Massless Majorana spinors in the Kerr spacetime

TL;DR

This paper investigates the existence and properties of massless Majorana spinors in Kerr and Schwarzschild spacetimes, establishing conditions for their existence, explicit solutions, and long-term behavior.

Contribution

It proves the nonexistence of certain massive and non-extreme Kerr massless Majorana spinors, and characterizes the conditions under which massless solutions exist and are unique.

Findings

Massive Majorana spinors do not exist if t- or φ-dependent in Kerr.

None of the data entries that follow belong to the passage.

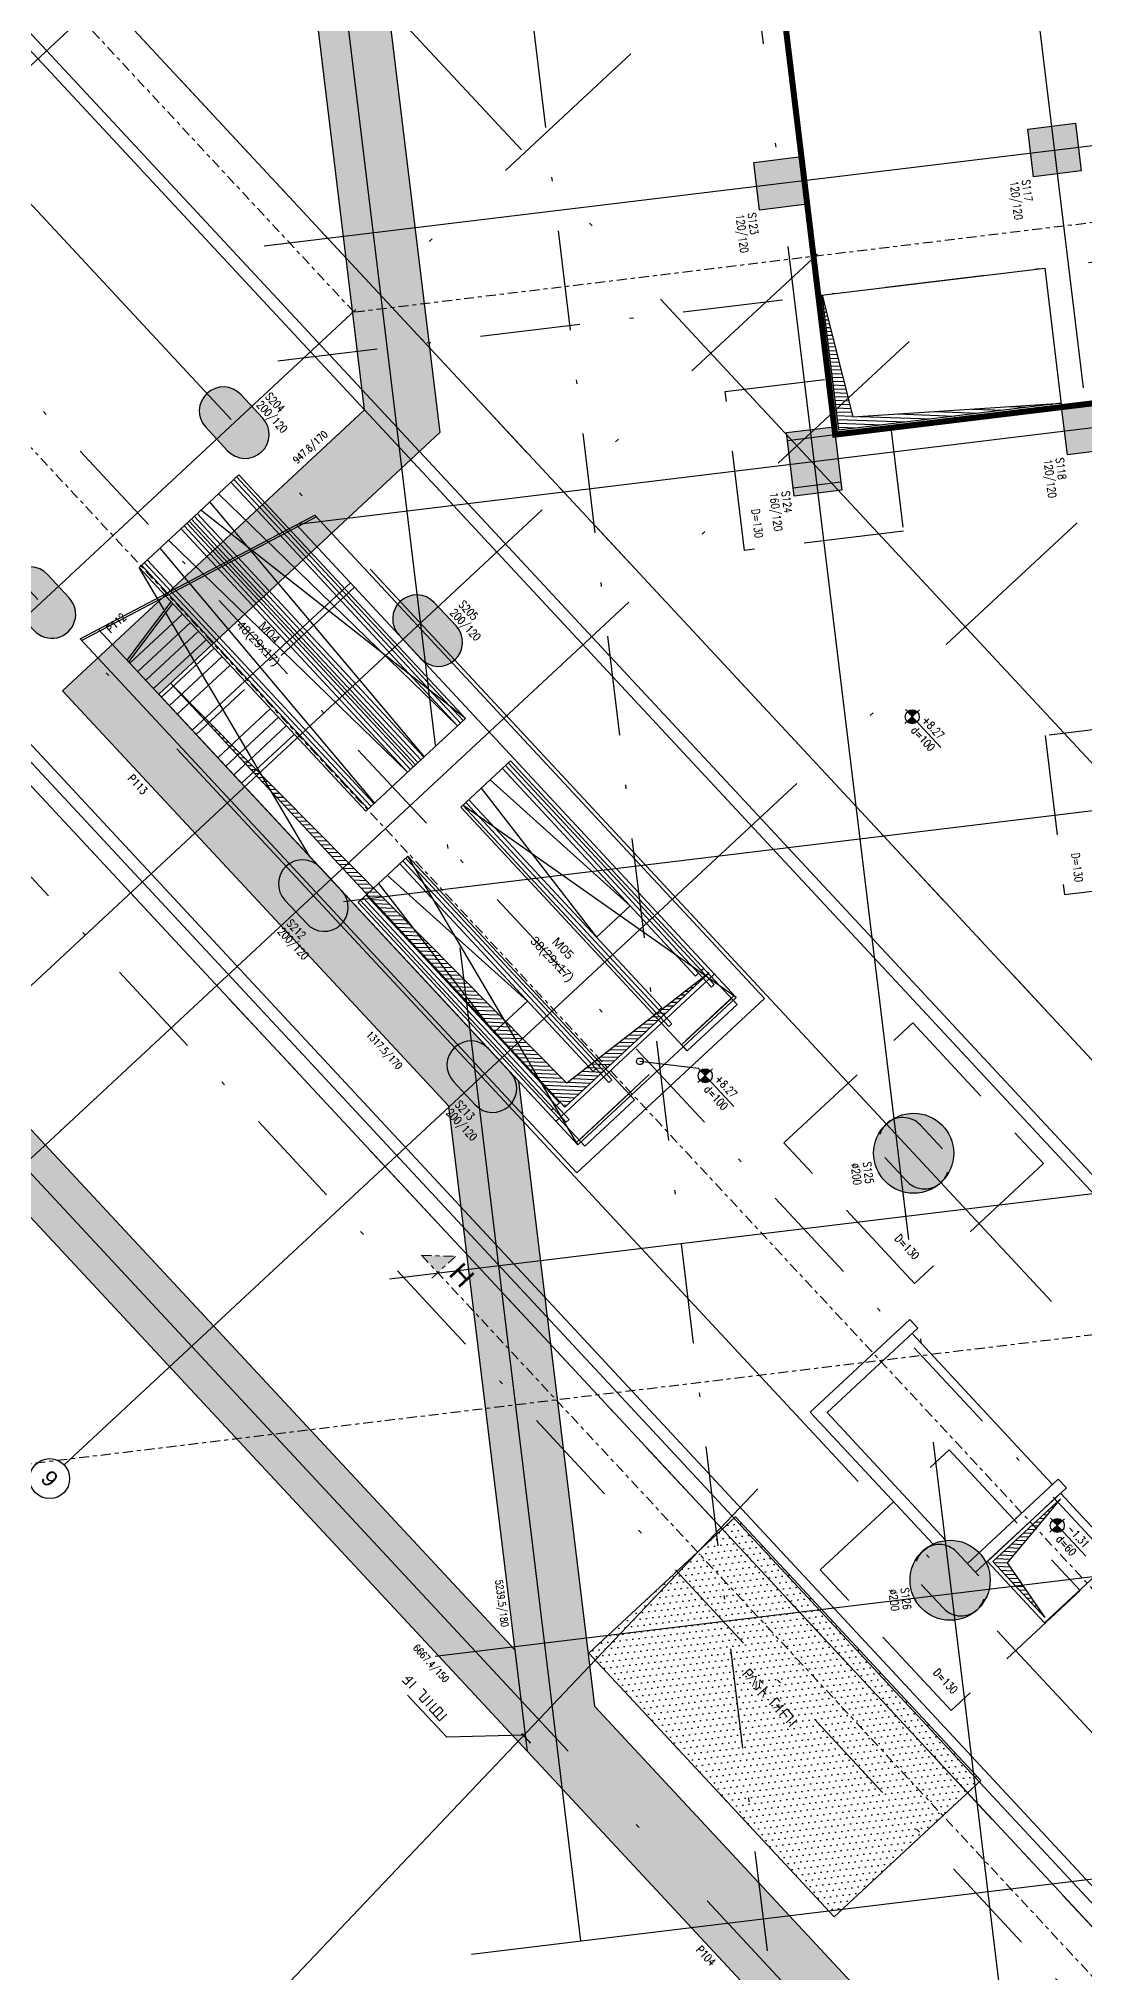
# Model space of a CAD drawing. Header units: millimetres. Extents: x 400382 to 401267, y 4543945 to 4544126.
# Drawn here: x 400428.84 to 400454.97, y 4544037.21 to 4544085.54 of the extents above; entities that cross this region are included whole.
import ezdxf
from ezdxf.enums import TextEntityAlignment as Align

# ---------------------------------------------------------------- set-up
doc = ezdxf.new("R2010")
doc.units = ezdxf.units.MM
for name, pattern in [('AKS', [3, 2.5, -0.25, 0, -0.25]), ('CENTER', [2, 1.25, -0.25, 0.25, -0.25]), ('CIZGI', [0.4, 0.25, -0.15]), ('CONTINU', [0]), ('DASHDOT2', [0.5, 0.25, -0.125, 0, -0.125]), ('HIDDEN', [0.375, 0.25, -0.125])]:
    doc.linetypes.add(name, pattern=pattern)
doc.layers.add('A-DETL', color=90, linetype='Continuous', lineweight=15)
for name, color, linetype in [('aks prota', 2, 'AKS'), ('boşluk prota', 2, 'Continuous'), ('boşluk taraması prota', 252, 'Continuous'), ('caks prota', 4, 'Continuous'), ('kesit tarama prota', 252, 'Continuous'), ('kiriş prota', 6, 'Continuous'), ('kolon prota', 1, 'Continuous'), ('kolon tarama prota', 252, 'Continuous'), ('lkolon prota', 4, 'Continuous'), ('lperde prota', 4, 'Continuous'), ('merdiven prota', 2, 'Continuous'), ('not yazısı prota', 6, 'Continuous'), ('not çizgisi prota', 4, 'Continuous'), ('perde prota', 1, 'Continuous'), ('PRT-AL-TUNEL_EKSENI', 14, 'DASHDOT2'), ('prt-s-taxis', 7, 'Continuous'), ('skesit prota', 7, 'Continuous'), ('st-s_kolon tarama', 252, 'Continuous'), ('st-s_level (kot)', 6, 'Continuous'), ('st-s_levelmark (kot işareti)', 4, 'Continuous'), ('st_s_su tutucu', 2, 'Continuous'), ('st_s_ölçü', 4, 'Continuous'), ('taks prota', 7, 'Continuous'), ('temel prota', 6, 'Continuous'), ('tkesit prota', 7, 'Continuous'), ('tkolon prota', 6, 'Continuous'), ('tperde prota', 6, 'Continuous'), ('ölçü prota', 4, 'Continuous')]:
    doc.layers.add(name, color=color, linetype=linetype)
doc.styles.add('Arial', font='Arial.ttf')
doc.styles.add('OLCU', font='romanstw.shx')
doc.styles.add('PRT-MI-a_Arial', font='Arial.ttf', dxfattribs={"height": 30})
doc.styles.add('TAKS', font='Arial Unicode.ttf')
doc.styles.add('tkolon', font='romanstw.shx')
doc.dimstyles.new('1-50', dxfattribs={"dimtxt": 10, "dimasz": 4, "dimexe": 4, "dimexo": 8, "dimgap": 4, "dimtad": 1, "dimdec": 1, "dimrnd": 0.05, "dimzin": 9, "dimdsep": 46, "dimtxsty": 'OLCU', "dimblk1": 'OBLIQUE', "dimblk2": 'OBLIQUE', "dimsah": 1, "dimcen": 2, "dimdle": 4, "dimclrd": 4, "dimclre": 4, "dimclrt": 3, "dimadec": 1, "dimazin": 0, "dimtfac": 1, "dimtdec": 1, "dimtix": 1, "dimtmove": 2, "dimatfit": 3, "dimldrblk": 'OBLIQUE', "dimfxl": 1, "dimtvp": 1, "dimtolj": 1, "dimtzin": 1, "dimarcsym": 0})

Explicit solutions for massless Majorana spinors when one parameter is zero.

In Schwarzschild spacetime, spinors disperse over time with probability tending to zero.

Abstract

In this paper, we show that massive Majorana spinors \eqref{1.2} do not exist if they are $t$-dependent or $\phi$-dependent in Kerr, or Kerr-(A)dS spacetimes. For massless Majorana spinors in the non-extreme Kerr spacetime, the Dirac equation can be separated into radial and angular equations, parameterized by two complex constants $\epsilon_1$, $\epsilon_2$. If at least one of $\epsilon_1$, $\epsilon_2$ is zero, massless Majorana spinors can be solved explicitly. If $\epsilon_1$, $\epsilon_2$ are nonzero, we prove the nonexistence of massless time-periodic Majorana spinors in the non-extreme Kerr spacetime which are $L^p$ outside the event horizon for $ 0<p\le\frac{6}{|\epsilon_1|+|\epsilon_2| +2}$. We then provide the Hamiltonian formulation for massless Majorana spinors and prove that the self-adjointness of the Hamiltonian leads to the angular momentum $a=0$ and spacetime reduces to the Schwarzschild spacetime, moreover, the massless Majorana spinor must be $\phi$-independent. Finally, we show that, in the Schwarzschild spacetime, for initial data with $L^2$ decay at infinity, the probability of the massless Majorana spinors to be in any compact region of space tends to zero as time tends to infinity.